Quando seguíamos pela mão do nosso pai e passávamos perto, havia sempre perguntas a fazer a que ele respondia dentro das suas possibilidades e em linguagem que nos fosse perceptível.
Dizia-me que tinha sido um antigo convento a que chamavam das “Donas”.
Lembro-me que as paredes eram pintadas de ocre amarelo e foi-o assim durante alguns anos. Os terrenos adjacentes e que eu percorria quando ia a casa de meus avós, estavam apenas terraplenados. Se no Inverno as poças provocavam lamaçal, no Verão ou no Outono, quando se levantava ventania, vinham nuvens de poeira que tapavam o nosso horizonte e nos deixavam todos sujos. Era isto o Campo-Fora-de-Vila como então chamávamos ao já oficialmente Campo de Sá da Bandeira.
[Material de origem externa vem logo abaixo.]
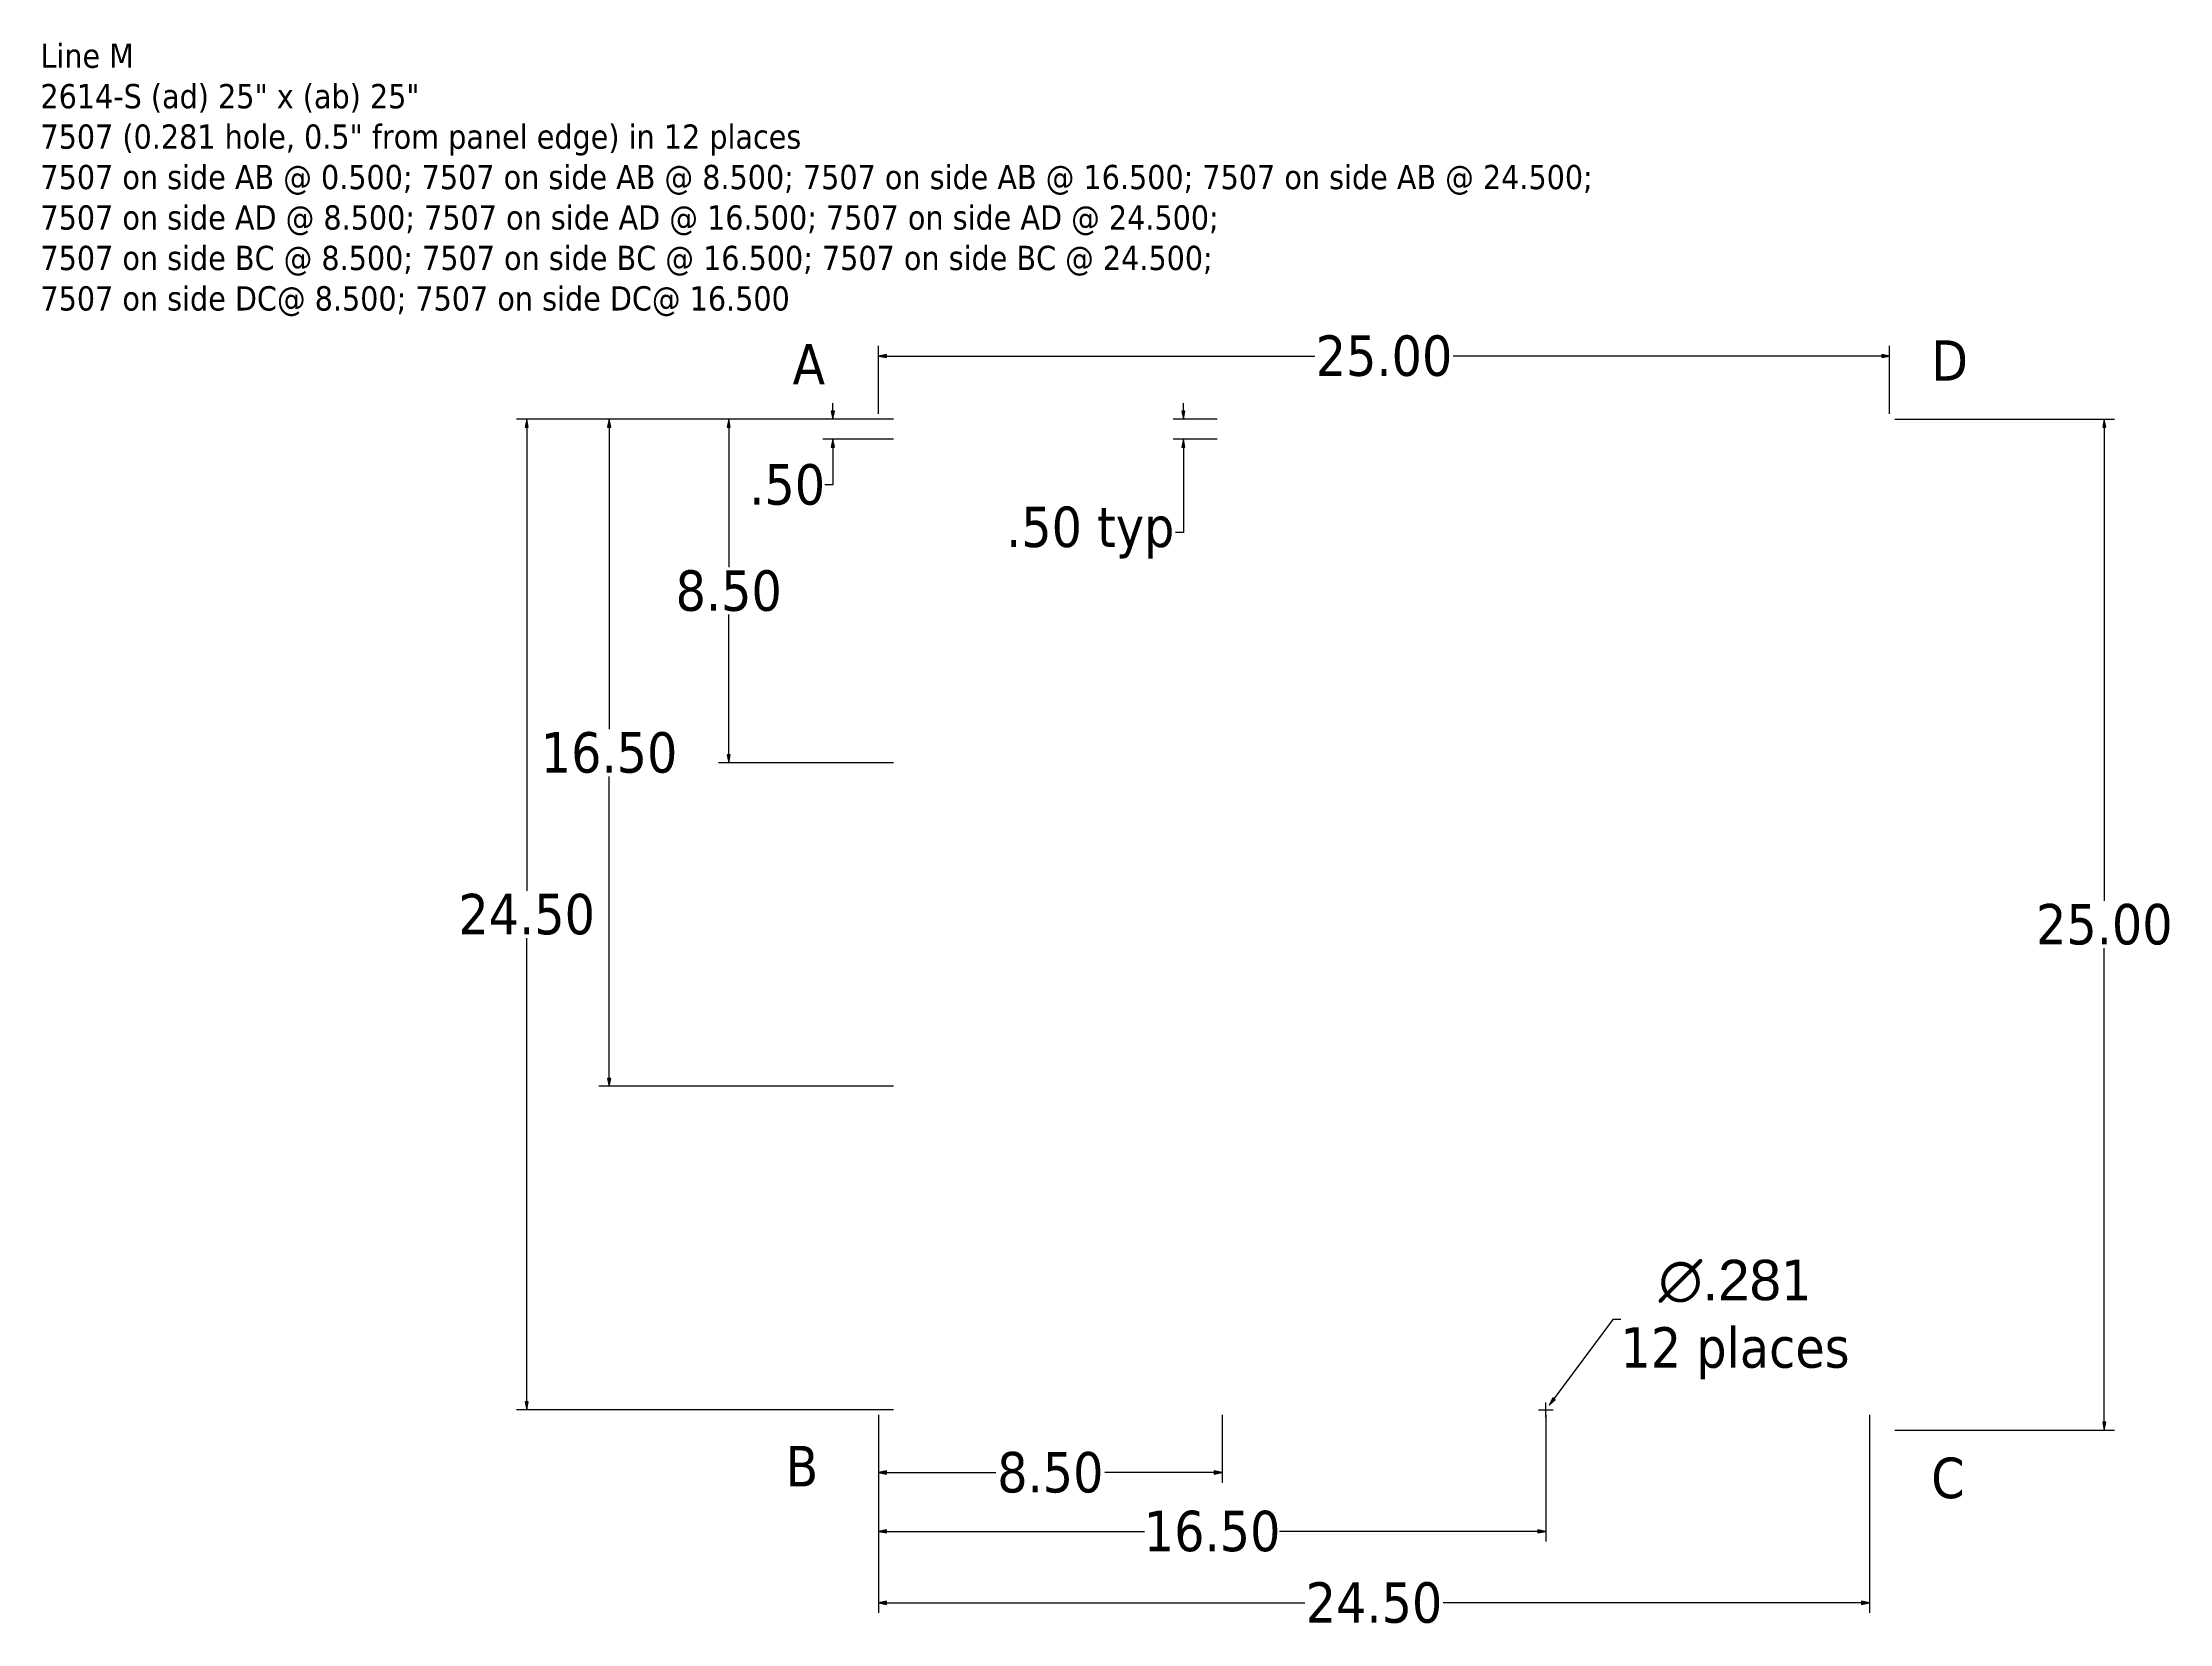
# Paper-space layout 'Sheet' of a CAD drawing. Header units: inches. Extents: x 0.7 to 27, y 1.4 to 20.9.
import ezdxf

# ---------------------------------------------------------------- set-up
doc = ezdxf.new("R2010")
doc.units = ezdxf.units.IN
doc.header["$MEASUREMENT"] = 0
doc.header["$PDMODE"] = 34
doc.header["$PDSIZE"] = 0.08
doc.styles.add('Note Text (ANSI)', font='tahoma.ttf')
doc.dimstyles.new('Default (ANSI)$0', dxfattribs={"dimtxt": 0.1200000047683716, "dimasz": 0.09842519685039369, "dimexe": 0.125, "dimexo": 0.06249999999999999, "dimgap": 0.03149606299212598, "dimtad": 0, "dimtih": 1, "dimtoh": 1, "dimzin": 4, "dimdsep": 46, "dimtxsty": 'Note Text (ANSI)', "dimblk": 'Filled-1', "dimcen": 0.09, "dimclrd": 256, "dimclre": 256, "dimclrt": 256, "dimadec": 0, "dimazin": 1, "dimtfac": 1, "dimtofl": 0, "dimtmove": 0, "dimatfit": 3, "dimfxl": 1, "dimtolj": 1, "dimtzin": 4, "dimlwd": -1, "dimlwe": -1, "dimarcsym": 0})
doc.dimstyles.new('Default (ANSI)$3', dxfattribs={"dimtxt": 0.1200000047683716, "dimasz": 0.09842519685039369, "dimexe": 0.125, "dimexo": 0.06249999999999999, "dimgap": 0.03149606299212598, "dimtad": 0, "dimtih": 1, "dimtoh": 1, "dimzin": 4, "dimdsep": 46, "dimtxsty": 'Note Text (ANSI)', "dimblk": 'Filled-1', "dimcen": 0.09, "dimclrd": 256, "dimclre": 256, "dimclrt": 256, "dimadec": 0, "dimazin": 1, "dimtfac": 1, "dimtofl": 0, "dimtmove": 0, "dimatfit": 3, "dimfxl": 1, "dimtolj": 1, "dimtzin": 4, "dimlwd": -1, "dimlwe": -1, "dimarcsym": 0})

A estrada para Lisboa passava junto ao muro do Seminário e em frente da Rua Teixeira Guedes, aos Correios, havia a “Gaiola do Canário”, como chamávamos a uma cabina semafórica manual, de forma cilíndrica, envidraçada até ao meio na parte superior e pintada de vermelho, se a memória não me atraiçoa. A estrada contornava o Largo das Amoreiras, curvando à Fonte do Boneco.
No Campo-Fora-de-Vila só havia meia dúzia de árvores junto a um velho e derruído muro e onde se encontra hoje uma estação rodoviária. Chamávamos a estas árvores “bagueiras” pois davam um pequeno fruto esférico, preto quando maduro e que apreciávamos muito o seu gosto.
Era neste campo que se realizava a instrução militar e aproveitavam a sombra destas árvores para apresentar armamento e outras lições do tipo. Muitas vezes ali nos quedávamos a ouvir as lições e quando chegávamos a casa, havia “barulho”
Também aqui se realizavam as feiras anuais e os mercados de gado e também grandes largadas de toiros de que ainda me lembro. Velhos tempos!
Mas, não é sobre o Campo-Fora-de-Vila que nos propusemos escrever alguma coisa, mas sim sobre o Convento das Donas, como me ensinou meu pai.
Lembro grandes obras no que respeita à parte exterior e virada para o Largo das Amoreiras, afinal tal como se encontra hoje. Ainda não havia estrada, era um terreiro.
Vamos então ao que respigámos sobre o velho Convento das Donas.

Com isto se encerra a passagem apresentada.